#### What to do:
Below is a block of records. Copy every line in it that contains the word "mitre".
###
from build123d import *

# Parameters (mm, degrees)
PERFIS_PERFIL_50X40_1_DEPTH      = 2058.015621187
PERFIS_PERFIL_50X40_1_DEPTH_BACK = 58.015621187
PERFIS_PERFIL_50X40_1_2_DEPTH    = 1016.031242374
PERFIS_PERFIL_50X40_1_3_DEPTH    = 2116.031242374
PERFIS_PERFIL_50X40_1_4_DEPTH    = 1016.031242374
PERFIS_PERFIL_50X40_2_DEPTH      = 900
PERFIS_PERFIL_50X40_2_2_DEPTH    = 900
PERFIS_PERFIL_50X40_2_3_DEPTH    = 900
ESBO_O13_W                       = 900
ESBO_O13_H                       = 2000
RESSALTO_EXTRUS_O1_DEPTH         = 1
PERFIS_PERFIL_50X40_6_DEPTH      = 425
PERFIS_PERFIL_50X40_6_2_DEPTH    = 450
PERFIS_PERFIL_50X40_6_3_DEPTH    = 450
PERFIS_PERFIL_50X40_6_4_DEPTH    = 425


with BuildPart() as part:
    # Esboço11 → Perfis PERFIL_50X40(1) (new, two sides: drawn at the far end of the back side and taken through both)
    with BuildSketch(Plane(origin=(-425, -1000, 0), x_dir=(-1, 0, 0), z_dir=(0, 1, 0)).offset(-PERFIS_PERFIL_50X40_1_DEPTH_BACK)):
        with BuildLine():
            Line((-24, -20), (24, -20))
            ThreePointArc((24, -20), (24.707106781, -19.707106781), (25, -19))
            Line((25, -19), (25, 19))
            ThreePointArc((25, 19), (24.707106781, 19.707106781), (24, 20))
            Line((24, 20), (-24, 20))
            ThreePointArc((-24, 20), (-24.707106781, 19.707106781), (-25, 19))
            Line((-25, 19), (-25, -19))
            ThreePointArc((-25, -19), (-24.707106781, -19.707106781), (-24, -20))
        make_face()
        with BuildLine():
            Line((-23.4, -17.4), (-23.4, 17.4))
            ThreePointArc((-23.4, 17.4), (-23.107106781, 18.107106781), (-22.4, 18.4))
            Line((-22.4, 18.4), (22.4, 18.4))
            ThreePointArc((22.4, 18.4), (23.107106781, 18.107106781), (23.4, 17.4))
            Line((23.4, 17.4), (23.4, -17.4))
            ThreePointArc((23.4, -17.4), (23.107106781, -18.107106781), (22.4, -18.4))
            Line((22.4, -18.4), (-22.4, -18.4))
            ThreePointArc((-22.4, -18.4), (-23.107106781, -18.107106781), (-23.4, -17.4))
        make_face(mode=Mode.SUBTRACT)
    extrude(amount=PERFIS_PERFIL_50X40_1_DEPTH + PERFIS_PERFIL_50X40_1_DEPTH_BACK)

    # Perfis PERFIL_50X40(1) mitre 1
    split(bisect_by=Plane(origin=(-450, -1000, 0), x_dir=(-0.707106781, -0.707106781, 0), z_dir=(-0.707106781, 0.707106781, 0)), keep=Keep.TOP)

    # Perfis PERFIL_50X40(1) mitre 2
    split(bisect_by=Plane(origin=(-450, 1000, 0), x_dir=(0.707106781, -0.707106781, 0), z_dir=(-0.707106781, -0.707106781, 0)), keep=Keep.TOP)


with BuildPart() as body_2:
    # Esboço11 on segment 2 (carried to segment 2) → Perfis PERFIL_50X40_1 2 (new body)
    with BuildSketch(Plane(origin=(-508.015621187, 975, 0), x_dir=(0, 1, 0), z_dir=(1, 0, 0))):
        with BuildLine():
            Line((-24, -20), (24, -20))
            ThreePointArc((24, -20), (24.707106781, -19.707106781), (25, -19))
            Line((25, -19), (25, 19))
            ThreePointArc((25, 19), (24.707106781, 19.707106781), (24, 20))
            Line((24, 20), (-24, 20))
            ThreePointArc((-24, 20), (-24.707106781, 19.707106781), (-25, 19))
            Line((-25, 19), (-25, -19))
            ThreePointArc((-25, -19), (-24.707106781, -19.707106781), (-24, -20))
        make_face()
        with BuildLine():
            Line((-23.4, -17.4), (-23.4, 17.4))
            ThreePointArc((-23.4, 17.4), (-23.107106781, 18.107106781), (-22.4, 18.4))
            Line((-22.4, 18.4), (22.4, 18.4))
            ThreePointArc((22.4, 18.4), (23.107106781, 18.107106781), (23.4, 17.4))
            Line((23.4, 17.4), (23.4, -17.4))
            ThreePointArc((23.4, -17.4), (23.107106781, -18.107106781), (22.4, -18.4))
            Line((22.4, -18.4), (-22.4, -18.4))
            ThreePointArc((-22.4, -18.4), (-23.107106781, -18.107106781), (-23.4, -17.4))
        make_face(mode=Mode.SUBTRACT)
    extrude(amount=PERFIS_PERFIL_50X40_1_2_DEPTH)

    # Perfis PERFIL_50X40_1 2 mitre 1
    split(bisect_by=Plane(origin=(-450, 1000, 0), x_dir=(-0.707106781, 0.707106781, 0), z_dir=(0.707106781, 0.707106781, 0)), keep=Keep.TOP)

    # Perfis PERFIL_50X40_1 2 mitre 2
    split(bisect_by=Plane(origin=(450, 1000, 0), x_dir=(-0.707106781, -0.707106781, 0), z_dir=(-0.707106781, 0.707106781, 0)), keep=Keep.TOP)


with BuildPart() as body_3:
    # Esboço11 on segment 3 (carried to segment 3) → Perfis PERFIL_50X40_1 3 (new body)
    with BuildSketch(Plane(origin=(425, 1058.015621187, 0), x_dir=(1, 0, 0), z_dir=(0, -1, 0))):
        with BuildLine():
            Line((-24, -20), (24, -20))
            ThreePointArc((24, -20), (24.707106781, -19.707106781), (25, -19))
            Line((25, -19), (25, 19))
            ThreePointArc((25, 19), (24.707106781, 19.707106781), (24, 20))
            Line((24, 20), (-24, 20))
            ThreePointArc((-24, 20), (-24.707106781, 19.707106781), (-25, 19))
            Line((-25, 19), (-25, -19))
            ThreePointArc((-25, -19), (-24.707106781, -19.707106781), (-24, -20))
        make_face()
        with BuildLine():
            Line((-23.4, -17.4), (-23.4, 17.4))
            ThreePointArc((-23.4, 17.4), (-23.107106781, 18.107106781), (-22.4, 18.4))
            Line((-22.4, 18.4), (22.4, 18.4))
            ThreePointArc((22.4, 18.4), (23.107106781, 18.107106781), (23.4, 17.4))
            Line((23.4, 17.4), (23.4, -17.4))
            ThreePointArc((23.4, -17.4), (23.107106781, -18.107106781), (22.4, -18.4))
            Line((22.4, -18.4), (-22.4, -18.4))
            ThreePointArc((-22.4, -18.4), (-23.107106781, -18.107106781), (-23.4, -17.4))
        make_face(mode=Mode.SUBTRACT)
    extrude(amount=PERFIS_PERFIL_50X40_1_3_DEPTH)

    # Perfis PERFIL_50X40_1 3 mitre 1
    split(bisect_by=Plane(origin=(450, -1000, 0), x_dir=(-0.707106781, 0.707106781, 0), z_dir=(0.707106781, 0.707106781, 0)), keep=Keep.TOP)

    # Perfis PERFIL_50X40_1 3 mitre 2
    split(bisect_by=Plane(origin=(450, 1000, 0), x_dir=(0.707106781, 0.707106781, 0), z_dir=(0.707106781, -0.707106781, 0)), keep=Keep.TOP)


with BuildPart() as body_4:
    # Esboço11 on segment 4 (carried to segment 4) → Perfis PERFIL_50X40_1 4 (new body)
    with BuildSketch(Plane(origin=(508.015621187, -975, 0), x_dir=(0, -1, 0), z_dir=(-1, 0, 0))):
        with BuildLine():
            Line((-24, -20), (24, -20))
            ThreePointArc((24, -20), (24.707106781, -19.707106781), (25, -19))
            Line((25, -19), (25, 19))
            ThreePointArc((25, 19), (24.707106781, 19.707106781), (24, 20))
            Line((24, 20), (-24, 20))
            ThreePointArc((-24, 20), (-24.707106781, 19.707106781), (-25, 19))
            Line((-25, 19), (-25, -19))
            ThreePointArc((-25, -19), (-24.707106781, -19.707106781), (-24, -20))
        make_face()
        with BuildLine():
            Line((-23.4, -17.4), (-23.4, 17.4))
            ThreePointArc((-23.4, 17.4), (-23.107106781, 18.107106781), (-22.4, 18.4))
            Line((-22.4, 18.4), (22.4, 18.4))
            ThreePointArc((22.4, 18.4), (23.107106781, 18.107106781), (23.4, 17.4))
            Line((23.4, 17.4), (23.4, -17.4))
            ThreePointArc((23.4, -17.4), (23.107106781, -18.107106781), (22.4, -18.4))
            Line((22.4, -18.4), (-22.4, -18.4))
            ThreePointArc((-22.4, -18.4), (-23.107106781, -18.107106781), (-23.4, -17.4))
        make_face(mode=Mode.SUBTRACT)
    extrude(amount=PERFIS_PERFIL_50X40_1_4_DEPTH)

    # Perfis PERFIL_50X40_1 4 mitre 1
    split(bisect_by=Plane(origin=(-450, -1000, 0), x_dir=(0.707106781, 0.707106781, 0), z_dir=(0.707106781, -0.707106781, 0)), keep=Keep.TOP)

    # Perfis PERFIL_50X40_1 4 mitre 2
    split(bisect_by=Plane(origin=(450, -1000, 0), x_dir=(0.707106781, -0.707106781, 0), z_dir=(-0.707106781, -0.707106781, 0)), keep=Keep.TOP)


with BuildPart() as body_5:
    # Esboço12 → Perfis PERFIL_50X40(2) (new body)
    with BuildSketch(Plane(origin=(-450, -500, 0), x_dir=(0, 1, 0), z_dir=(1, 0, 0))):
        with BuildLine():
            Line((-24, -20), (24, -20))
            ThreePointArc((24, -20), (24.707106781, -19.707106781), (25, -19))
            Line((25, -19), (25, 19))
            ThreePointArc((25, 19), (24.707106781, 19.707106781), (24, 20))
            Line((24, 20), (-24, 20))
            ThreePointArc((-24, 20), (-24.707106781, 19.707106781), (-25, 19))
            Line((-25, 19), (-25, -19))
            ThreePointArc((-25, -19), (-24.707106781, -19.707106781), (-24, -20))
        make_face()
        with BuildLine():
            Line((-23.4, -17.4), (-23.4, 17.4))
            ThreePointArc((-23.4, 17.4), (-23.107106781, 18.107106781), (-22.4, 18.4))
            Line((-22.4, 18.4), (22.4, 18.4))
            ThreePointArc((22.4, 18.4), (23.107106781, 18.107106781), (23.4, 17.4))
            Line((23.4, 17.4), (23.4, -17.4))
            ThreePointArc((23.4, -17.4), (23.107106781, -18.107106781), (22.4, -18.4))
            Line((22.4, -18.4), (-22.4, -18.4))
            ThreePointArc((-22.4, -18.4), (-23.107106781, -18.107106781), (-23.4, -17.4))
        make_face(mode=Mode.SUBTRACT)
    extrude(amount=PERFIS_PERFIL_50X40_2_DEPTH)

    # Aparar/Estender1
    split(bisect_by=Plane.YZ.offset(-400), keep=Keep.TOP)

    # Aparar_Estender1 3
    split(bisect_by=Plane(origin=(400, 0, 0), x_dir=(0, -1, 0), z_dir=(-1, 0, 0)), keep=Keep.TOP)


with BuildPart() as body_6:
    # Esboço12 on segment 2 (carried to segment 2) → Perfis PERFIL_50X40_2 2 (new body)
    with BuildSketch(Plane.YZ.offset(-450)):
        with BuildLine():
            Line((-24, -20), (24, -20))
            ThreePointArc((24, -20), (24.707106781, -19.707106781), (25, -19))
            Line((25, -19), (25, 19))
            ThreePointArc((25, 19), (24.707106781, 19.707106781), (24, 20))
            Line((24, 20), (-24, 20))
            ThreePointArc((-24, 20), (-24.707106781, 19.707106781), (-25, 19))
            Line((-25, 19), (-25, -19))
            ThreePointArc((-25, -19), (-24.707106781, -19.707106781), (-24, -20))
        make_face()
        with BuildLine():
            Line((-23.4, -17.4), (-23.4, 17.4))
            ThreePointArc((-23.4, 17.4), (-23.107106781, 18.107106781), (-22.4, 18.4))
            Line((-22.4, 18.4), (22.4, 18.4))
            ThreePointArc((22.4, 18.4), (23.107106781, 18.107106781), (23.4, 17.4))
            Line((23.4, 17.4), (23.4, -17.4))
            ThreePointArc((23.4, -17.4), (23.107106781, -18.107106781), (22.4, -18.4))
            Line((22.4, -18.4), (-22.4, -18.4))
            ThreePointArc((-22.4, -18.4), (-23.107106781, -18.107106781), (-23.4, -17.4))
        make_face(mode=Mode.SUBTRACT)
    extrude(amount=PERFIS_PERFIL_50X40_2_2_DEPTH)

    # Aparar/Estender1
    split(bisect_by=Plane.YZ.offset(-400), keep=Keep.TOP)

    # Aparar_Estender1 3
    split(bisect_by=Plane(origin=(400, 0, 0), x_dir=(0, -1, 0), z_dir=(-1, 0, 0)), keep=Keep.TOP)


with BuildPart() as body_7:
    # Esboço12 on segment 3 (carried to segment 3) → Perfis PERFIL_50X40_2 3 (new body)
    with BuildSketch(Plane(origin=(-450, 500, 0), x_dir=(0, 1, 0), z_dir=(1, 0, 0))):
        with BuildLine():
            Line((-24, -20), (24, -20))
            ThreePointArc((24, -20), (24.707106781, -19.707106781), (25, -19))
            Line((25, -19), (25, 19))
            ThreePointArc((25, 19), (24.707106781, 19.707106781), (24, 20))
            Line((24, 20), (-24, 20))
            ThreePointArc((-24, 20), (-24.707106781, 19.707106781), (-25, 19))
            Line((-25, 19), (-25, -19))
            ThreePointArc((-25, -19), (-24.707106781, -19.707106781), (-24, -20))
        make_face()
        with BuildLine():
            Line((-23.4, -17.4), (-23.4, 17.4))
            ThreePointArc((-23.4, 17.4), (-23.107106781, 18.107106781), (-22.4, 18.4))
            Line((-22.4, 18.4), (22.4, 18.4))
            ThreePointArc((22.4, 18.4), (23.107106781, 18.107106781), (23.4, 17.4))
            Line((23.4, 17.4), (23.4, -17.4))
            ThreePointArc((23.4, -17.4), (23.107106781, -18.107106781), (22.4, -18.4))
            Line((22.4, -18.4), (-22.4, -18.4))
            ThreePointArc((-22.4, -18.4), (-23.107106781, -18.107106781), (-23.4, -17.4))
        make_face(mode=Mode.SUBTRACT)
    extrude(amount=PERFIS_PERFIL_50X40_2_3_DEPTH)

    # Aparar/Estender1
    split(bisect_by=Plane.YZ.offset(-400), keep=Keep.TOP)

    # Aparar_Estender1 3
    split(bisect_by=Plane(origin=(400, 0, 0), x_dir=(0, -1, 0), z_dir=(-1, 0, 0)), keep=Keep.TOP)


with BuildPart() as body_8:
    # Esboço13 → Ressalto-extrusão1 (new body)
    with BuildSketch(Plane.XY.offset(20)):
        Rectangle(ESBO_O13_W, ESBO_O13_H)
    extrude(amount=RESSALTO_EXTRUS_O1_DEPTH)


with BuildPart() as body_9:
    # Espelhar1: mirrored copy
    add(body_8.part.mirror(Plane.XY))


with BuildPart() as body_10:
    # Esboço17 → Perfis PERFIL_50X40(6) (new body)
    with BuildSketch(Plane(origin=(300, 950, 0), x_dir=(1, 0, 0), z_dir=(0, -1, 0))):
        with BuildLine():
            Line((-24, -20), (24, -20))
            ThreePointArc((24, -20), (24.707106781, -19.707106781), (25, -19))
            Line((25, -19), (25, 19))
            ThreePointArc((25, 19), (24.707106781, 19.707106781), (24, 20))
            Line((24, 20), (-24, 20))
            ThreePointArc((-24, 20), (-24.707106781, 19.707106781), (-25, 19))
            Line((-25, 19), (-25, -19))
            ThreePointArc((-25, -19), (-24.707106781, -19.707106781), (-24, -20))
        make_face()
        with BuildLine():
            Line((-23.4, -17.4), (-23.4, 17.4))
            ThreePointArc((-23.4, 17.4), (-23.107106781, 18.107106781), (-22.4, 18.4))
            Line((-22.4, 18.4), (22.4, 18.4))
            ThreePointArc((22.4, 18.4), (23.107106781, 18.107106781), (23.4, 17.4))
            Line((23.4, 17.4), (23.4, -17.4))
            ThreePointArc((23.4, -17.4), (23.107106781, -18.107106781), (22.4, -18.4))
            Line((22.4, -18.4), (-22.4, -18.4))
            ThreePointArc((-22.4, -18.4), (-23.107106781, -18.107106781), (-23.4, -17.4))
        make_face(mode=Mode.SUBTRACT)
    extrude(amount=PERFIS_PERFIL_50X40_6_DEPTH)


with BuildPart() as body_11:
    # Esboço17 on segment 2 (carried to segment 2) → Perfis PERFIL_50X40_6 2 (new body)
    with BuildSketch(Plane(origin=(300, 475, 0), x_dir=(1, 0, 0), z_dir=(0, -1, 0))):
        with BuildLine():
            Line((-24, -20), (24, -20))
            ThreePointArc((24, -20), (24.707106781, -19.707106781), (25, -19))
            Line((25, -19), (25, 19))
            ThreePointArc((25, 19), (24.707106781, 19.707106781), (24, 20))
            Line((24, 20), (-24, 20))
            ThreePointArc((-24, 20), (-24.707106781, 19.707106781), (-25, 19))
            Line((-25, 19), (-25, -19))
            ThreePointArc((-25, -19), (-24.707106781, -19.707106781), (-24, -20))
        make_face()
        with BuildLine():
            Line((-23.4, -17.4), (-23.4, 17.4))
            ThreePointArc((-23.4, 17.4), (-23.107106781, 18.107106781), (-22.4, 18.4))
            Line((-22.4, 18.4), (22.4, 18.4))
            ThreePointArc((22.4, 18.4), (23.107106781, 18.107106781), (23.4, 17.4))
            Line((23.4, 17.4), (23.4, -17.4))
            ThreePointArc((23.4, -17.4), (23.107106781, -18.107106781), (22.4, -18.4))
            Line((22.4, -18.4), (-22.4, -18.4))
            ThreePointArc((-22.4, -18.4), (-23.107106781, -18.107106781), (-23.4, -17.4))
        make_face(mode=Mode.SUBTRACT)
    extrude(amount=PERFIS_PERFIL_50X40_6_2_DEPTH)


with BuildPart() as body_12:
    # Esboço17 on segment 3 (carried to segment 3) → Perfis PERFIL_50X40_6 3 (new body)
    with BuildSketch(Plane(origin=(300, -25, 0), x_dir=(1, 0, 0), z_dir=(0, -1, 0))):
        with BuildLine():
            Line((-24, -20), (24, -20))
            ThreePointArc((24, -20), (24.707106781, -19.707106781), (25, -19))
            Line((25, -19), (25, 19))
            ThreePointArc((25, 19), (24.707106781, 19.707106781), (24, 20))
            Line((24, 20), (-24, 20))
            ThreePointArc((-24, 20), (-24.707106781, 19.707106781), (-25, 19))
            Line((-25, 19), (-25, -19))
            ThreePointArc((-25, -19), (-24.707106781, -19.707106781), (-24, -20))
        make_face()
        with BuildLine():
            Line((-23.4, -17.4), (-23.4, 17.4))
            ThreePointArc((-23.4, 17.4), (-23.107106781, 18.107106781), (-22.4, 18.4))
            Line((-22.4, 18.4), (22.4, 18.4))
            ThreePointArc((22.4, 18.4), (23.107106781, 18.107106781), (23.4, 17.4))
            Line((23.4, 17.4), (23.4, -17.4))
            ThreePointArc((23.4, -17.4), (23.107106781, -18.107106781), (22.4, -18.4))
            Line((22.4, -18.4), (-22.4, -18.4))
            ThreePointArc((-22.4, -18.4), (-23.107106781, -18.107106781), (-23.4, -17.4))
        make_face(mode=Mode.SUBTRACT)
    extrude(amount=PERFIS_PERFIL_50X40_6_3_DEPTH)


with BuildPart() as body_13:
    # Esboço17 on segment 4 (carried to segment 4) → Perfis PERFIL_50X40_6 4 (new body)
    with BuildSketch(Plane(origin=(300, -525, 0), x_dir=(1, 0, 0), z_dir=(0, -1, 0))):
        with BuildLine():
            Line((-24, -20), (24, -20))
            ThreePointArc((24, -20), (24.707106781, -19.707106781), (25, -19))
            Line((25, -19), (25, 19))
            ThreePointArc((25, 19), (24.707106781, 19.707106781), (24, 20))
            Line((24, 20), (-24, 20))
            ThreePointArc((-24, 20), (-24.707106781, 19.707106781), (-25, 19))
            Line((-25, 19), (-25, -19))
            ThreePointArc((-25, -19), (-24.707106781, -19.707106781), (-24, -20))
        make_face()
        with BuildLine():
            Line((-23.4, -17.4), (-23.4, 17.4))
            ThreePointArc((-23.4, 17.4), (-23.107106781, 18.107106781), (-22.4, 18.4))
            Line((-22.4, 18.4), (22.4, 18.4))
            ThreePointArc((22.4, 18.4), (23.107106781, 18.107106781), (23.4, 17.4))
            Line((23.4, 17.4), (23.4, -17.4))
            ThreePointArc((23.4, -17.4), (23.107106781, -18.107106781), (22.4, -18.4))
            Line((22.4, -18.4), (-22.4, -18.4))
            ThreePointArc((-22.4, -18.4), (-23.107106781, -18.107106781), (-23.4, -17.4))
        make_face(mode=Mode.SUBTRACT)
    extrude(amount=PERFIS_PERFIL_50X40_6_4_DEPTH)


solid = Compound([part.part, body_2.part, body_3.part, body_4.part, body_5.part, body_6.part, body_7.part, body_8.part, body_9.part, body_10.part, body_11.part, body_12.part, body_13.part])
###
#### Response box:
    # Perfis PERFIL_50X40(1) mitre 1
    # Perfis PERFIL_50X40(1) mitre 2
    # Perfis PERFIL_50X40_1 2 mitre 1
    # Perfis PERFIL_50X40_1 2 mitre 2
    # Perfis PERFIL_50X40_1 3 mitre 1
    # Perfis PERFIL_50X40_1 3 mitre 2
    # Perfis PERFIL_50X40_1 4 mitre 1
    # Perfis PERFIL_50X40_1 4 mitre 2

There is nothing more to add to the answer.